Габриэлла зажгла следующую сигарету. В воздухе висели клубы дыма, словно туман.

— Эбигейл Рокфеллер работала на них?

— Нет, — сказала Габриэлла. — Как раз наоборот. Госпожа Рокфеллер работала с матерью Инносентой, чтобы найти подходящий тайник для футляра с лирой. После войны Эбигейл Рокфеллер прекратила с нами всякое общение, и мы не знаем почему. Из-за этого у нас возникло много проблем. Мы понятия не имели, куда она дела футляр. Одни считают, что лира спрятана в Нью-Йорке. Другие полагают, что она отослала ее обратно в Европу. Мы отчаянно пытались найти тайник, если он вообще существует.

— Я прочитал письма Инносенты, — с сомнением сказал Верлен. — Не думаю, что они расскажут о том, что вы надеетесь найти. Гораздо больше смысла отправиться к Григори.

Габриэлла сделала глубокий вдох, словно потеряв терпение.

— Я бы хотела кое-что показать вам, — сказала она. — Возможно, это поможет вам понять, с кем мы имеем дело.

Поднявшись, она сбросила пальто. Руки, испещренные прожилками вен, пробежались по пуговицам, и она сняла черную шелковую рубашку.

— Вот, — спокойно сказала она, — вот что случается с теми, кто попадает в руки противника.

Верлен смотрел, как Габриэлла поворачивается в свете солнца из окна. Ее тело покрывали толстые полосы шрамов, они пересекали спину, грудь, живот и плечи.

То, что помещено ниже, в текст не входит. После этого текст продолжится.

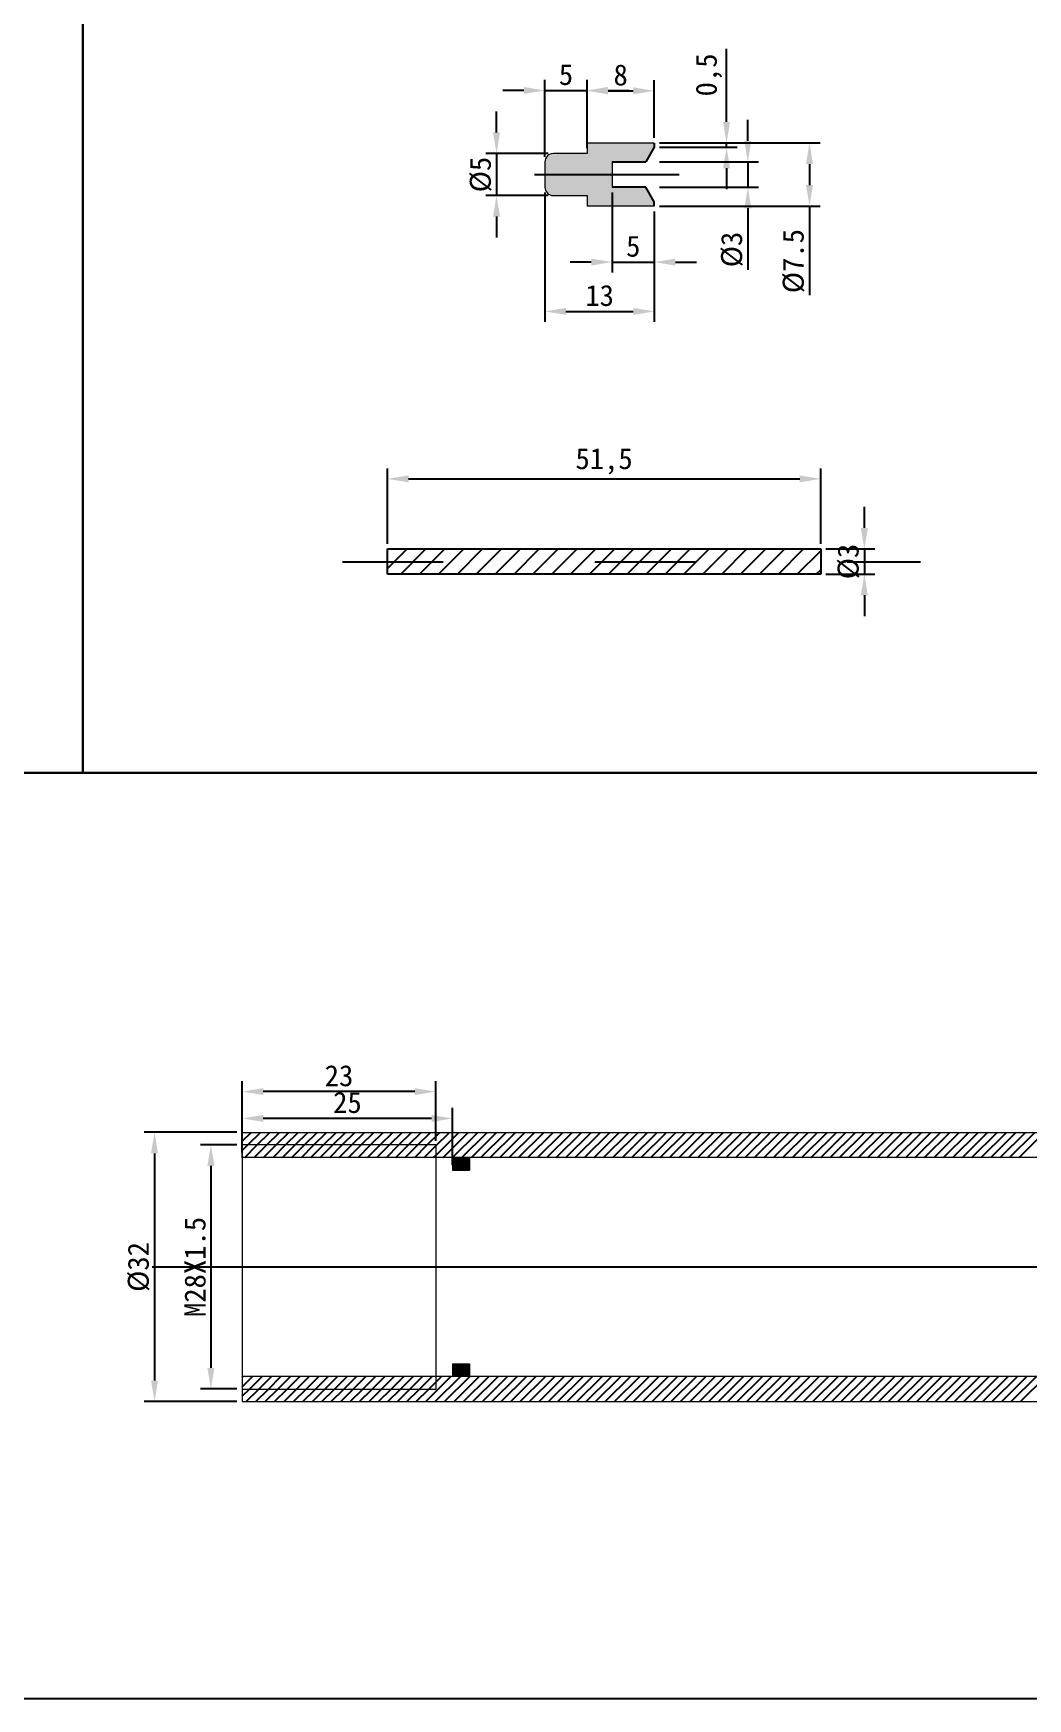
# Model space of a CAD drawing. Header units: millimetres. Extents: x 1443 to 3417, y 283 to 1662.
# Drawn here: x 2330.1 to 2448.3, y 845.9 to 1043.8 of the extents above; entities that cross this region are included whole.
import ezdxf

# ---------------------------------------------------------------- set-up
doc = ezdxf.new("R2010")
doc.units = ezdxf.units.MM
doc.linetypes.add('ACAD_ISO03W100', pattern=[30, 12, -18])
doc.linetypes.add('DASHDOTX3', pattern=[508, 254, -127, 0, -127])
doc.layers.get('Defpoints').update_dxf_attribs({"color": 6})
doc.layers.add('中线', color=1, linetype='DASHDOTX3')
doc.layers.add('虚线', color=2, linetype='ACAD_ISO03W100')
doc.layers.add('实线', color=7, linetype='Continuous', lineweight=20)
doc.layers.add('实线2', color=5, linetype='Continuous', lineweight=20)
doc.styles.get("Standard").update_dxf_attribs({"font": 'SimSun.ttf'})
doc.dimstyles.new('ISO-25', dxfattribs={"dimtxt": 2.5, "dimasz": 2.5, "dimexe": 1.25, "dimexo": 0.625, "dimtad": 1, "dimtxsty": 'Standard', "dimcen": 2.5, "dimadec": 0, "dimazin": 0, "dimtfac": 1, "dimtmove": 0, "dimatfit": 3, "dimfxl": 1, "dimarcsym": 0})

# ---------------------------------------------------------------- blocks, each defined once
blk = doc.blocks.new('*D21')
at = {"layer": 'Defpoints', "color": 0, "ltscale": 0.5}
for p in [(2403.88, 1028.54), (2403.88, 1025.54), (2415, 1025.54)]:
    blk.add_point(p, dxfattribs=at)
at = {"layer": '实线', "color": 0, "lineweight": -2, "ltscale": 0.5}
for p, q in [((2415, 1031.04), (2415, 1033.54)), ((2404.5, 1028.54), (2416.25, 1028.54)), ((2415, 1028.54), (2415, 1025.54)), ((2404.5, 1025.54), (2416.25, 1025.54)), ((2415, 1023.04), (2415, 1015.73))]:
    blk.add_line(p, q, dxfattribs=at)
at = {"layer": '实线', "color": 0, "ltscale": 0.5}
for points in [[(2414.58, 1031.04), (2415.41, 1031.04), (2415, 1028.54)], [(2414.58, 1023.04), (2415.41, 1023.04), (2415, 1025.54)]]:
    blk.add_solid(points, dxfattribs=at)
at = {"layer": '实线', "color": 0, "ltscale": 0.5, "insert": (2413.12, 1018.13), "char_height": 2.5, "attachment_point": 5, "rotation": 90}
blk.add_mtext('%%c3', dxfattribs=at)
blk = doc.blocks.new('*D22')
at = {"layer": 'Defpoints', "color": 0, "ltscale": 0.5}
for p in [(2391.88, 1029.54), (2385.12, 1024.54), (2391.88, 1024.54)]:
    blk.add_point(p, dxfattribs=at)
at = {"layer": '实线', "color": 0, "lineweight": -2, "ltscale": 0.5}
for p, q in [((2385.12, 1032.04), (2385.12, 1034.54)), ((2391.25, 1029.54), (2383.87, 1029.54)), ((2385.12, 1029.54), (2385.12, 1024.54)), ((2391.25, 1024.54), (2383.87, 1024.54)), ((2385.12, 1022.04), (2385.12, 1019.54))]:
    blk.add_line(p, q, dxfattribs=at)
at = {"layer": '实线', "color": 0, "ltscale": 0.5}
for points in [[(2384.71, 1032.04), (2385.54, 1032.04), (2385.12, 1029.54)], [(2384.71, 1022.04), (2385.54, 1022.04), (2385.12, 1024.54)]]:
    blk.add_solid(points, dxfattribs=at)
at = {"layer": '实线', "color": 0, "lineweight": -3, "ltscale": 0.5, "insert": (2383.25, 1027.04), "char_height": 2.5, "attachment_point": 5, "rotation": 90}
blk.add_mtext('%%c5', dxfattribs=at)
blk = doc.blocks.new('*D23')
at = {"layer": 'Defpoints', "color": 0, "ltscale": 0.5}
for p in [(2395.88, 1037.03), (2395.88, 1029.54), (2390.88, 1028.54)]:
    blk.add_point(p, dxfattribs=at)
at = {"layer": '实线', "color": 0, "lineweight": -2, "ltscale": 0.5}
for p, q in [((2390.88, 1029.16), (2390.88, 1038.28)), ((2395.88, 1030.16), (2395.88, 1038.28)), ((2388.38, 1037.03), (2385.88, 1037.03)), ((2390.88, 1037.03), (2395.88, 1037.03)), ((2398.38, 1037.03), (2400.88, 1037.03))]:
    blk.add_line(p, q, dxfattribs=at)
at = {"layer": '实线', "color": 0, "ltscale": 0.5}
for points in [[(2388.38, 1037.45), (2388.38, 1036.62), (2390.88, 1037.03)], [(2398.38, 1037.45), (2398.38, 1036.62), (2395.88, 1037.03)]]:
    blk.add_solid(points, dxfattribs=at)
at = {"layer": '实线', "color": 0, "lineweight": -3, "ltscale": 0.5, "insert": (2393.38, 1038.91), "char_height": 2.5, "attachment_point": 5}
blk.add_mtext('5', dxfattribs=at)
blk = doc.blocks.new('*D24')
at = {"layer": 'Defpoints', "color": 0, "ltscale": 0.5}
for p in [(2403.88, 1036.99), (2395.88, 1030.79), (2403.88, 1030.79)]:
    blk.add_point(p, dxfattribs=at)
at = {"layer": '实线', "color": 0, "lineweight": -2, "ltscale": 0.5}
for p, q in [((2395.88, 1031.41), (2395.88, 1038.24)), ((2403.88, 1031.41), (2403.88, 1038.24)), ((2398.38, 1036.99), (2401.38, 1036.99))]:
    blk.add_line(p, q, dxfattribs=at)
at = {"layer": '实线', "color": 0, "ltscale": 0.5}
for points in [[(2398.38, 1037.41), (2398.38, 1036.57), (2395.88, 1036.99)], [(2401.38, 1037.41), (2401.38, 1036.57), (2403.88, 1036.99)]]:
    blk.add_solid(points, dxfattribs=at)
at = {"layer": '实线', "color": 0, "lineweight": -3, "ltscale": 0.5, "insert": (2399.88, 1038.86), "char_height": 2.5, "attachment_point": 5}
blk.add_mtext('8', dxfattribs=at)
blk = doc.blocks.new('*D25')
at = {"layer": 'Defpoints', "color": 0, "ltscale": 0.5}
for p in [(2398.88, 1025.54), (2403.88, 1023.29), (2403.88, 1016.64)]:
    blk.add_point(p, dxfattribs=at)
at = {"layer": '实线', "color": 0, "lineweight": -2, "ltscale": 0.5}
for p, q in [((2398.88, 1024.91), (2398.88, 1015.39)), ((2403.88, 1022.66), (2403.88, 1015.39)), ((2396.38, 1016.64), (2393.88, 1016.64)), ((2398.88, 1016.64), (2403.88, 1016.64)), ((2406.38, 1016.64), (2408.88, 1016.64))]:
    blk.add_line(p, q, dxfattribs=at)
at = {"layer": '实线', "color": 0, "ltscale": 0.5}
for points in [[(2396.38, 1017.05), (2396.38, 1016.22), (2398.88, 1016.64)], [(2406.38, 1017.05), (2406.38, 1016.22), (2403.88, 1016.64)]]:
    blk.add_solid(points, dxfattribs=at)
at = {"layer": '实线', "color": 0, "lineweight": -3, "ltscale": 0.5, "insert": (2401.38, 1018.51), "char_height": 2.5, "attachment_point": 5}
blk.add_mtext('5', dxfattribs=at)
blk = doc.blocks.new('*D26')
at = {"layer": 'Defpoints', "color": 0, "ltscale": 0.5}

Казалось, ее изрезали острейшим ножом мясника. Глядя на беспорядочные рубцы, Верлен предположил, что раны не были зашиты. Кожа казалась розовой и кровоточащей. Расположение шрамов говорило о том, что Габриэллу избивали или, еще хуже, резали ножом.

— Боже мой, — произнес Верлен, пораженный видом искореженной плоти, ужасным, но странно нежным розовато-перламутровым цветом шрамов. — Как это случилось?

— Я считала, что смогу перехитрить их, — сказала Габриэлла. — Я верила, что более мудра, более сильна, более искусна, чем они. Во время войны я была лучшим ангелологом во всем Париже. Несмотря на возраст, я быстрее всех сделала карьеру. Это правда. Поверьте — я всегда была лучшей в своем деле.

— Это произошло во время войны? — спросил Верлен, пытаясь осознать подобную жестокость.

— В юности я работала как двойной агент. Я стала любовницей наследника самой могущественной вражеской семьи. За моей работой наблюдали, и вначале мне удалось добиться больших успехов, но в конце концов меня разоблачили. Если кто-то и мог внедриться так глубоко, то только я. Посмотрите хорошенько на то, что со мной сделали, мистер Верлен, и представьте себе, что они сделают с вами. Ваша наивная американская вера в то, что добро всегда побеждает зло, не спасет вас. Гарантирую — вы будете обречены.

Верлен не мог смотреть на Габриэллу, но не мог и отвернуться. Его взгляд блуждал по извилистой розовой дорожке шрама от ключицы до бедра.

— Как можно надеяться победить их?

— Об этом, — сказала Габриэлла, надела блузку и застегнула пуговицы, — я расскажу после того, как вы отдадите мне письма.

Верлен поставил ноутбук на стол Габриэллы и включил его. Жесткий диск щелкнул, и монитор замерцал, оживая. Вскоре все файлы, включая исследовательские документы и отсканированные письма, возникли в виде иконок на красочном рабочем столе — разноцветные воздушные шары, плывущие в голубом небе. Верлен открыл папку «Рокфеллер/Инносента» и отошел от компьютера, уступив место Габриэлле. Сквозь запыленное окно просматривался тихий холодный парк с замерзшими прудами, безлюдным катком, заснеженными аллеями, укрытой на зиму каруселью. Множество такси мчались на север мимо западной части Центрального парка, развозя людей в жилые кварталы. Кругом царила обычная городская суматоха.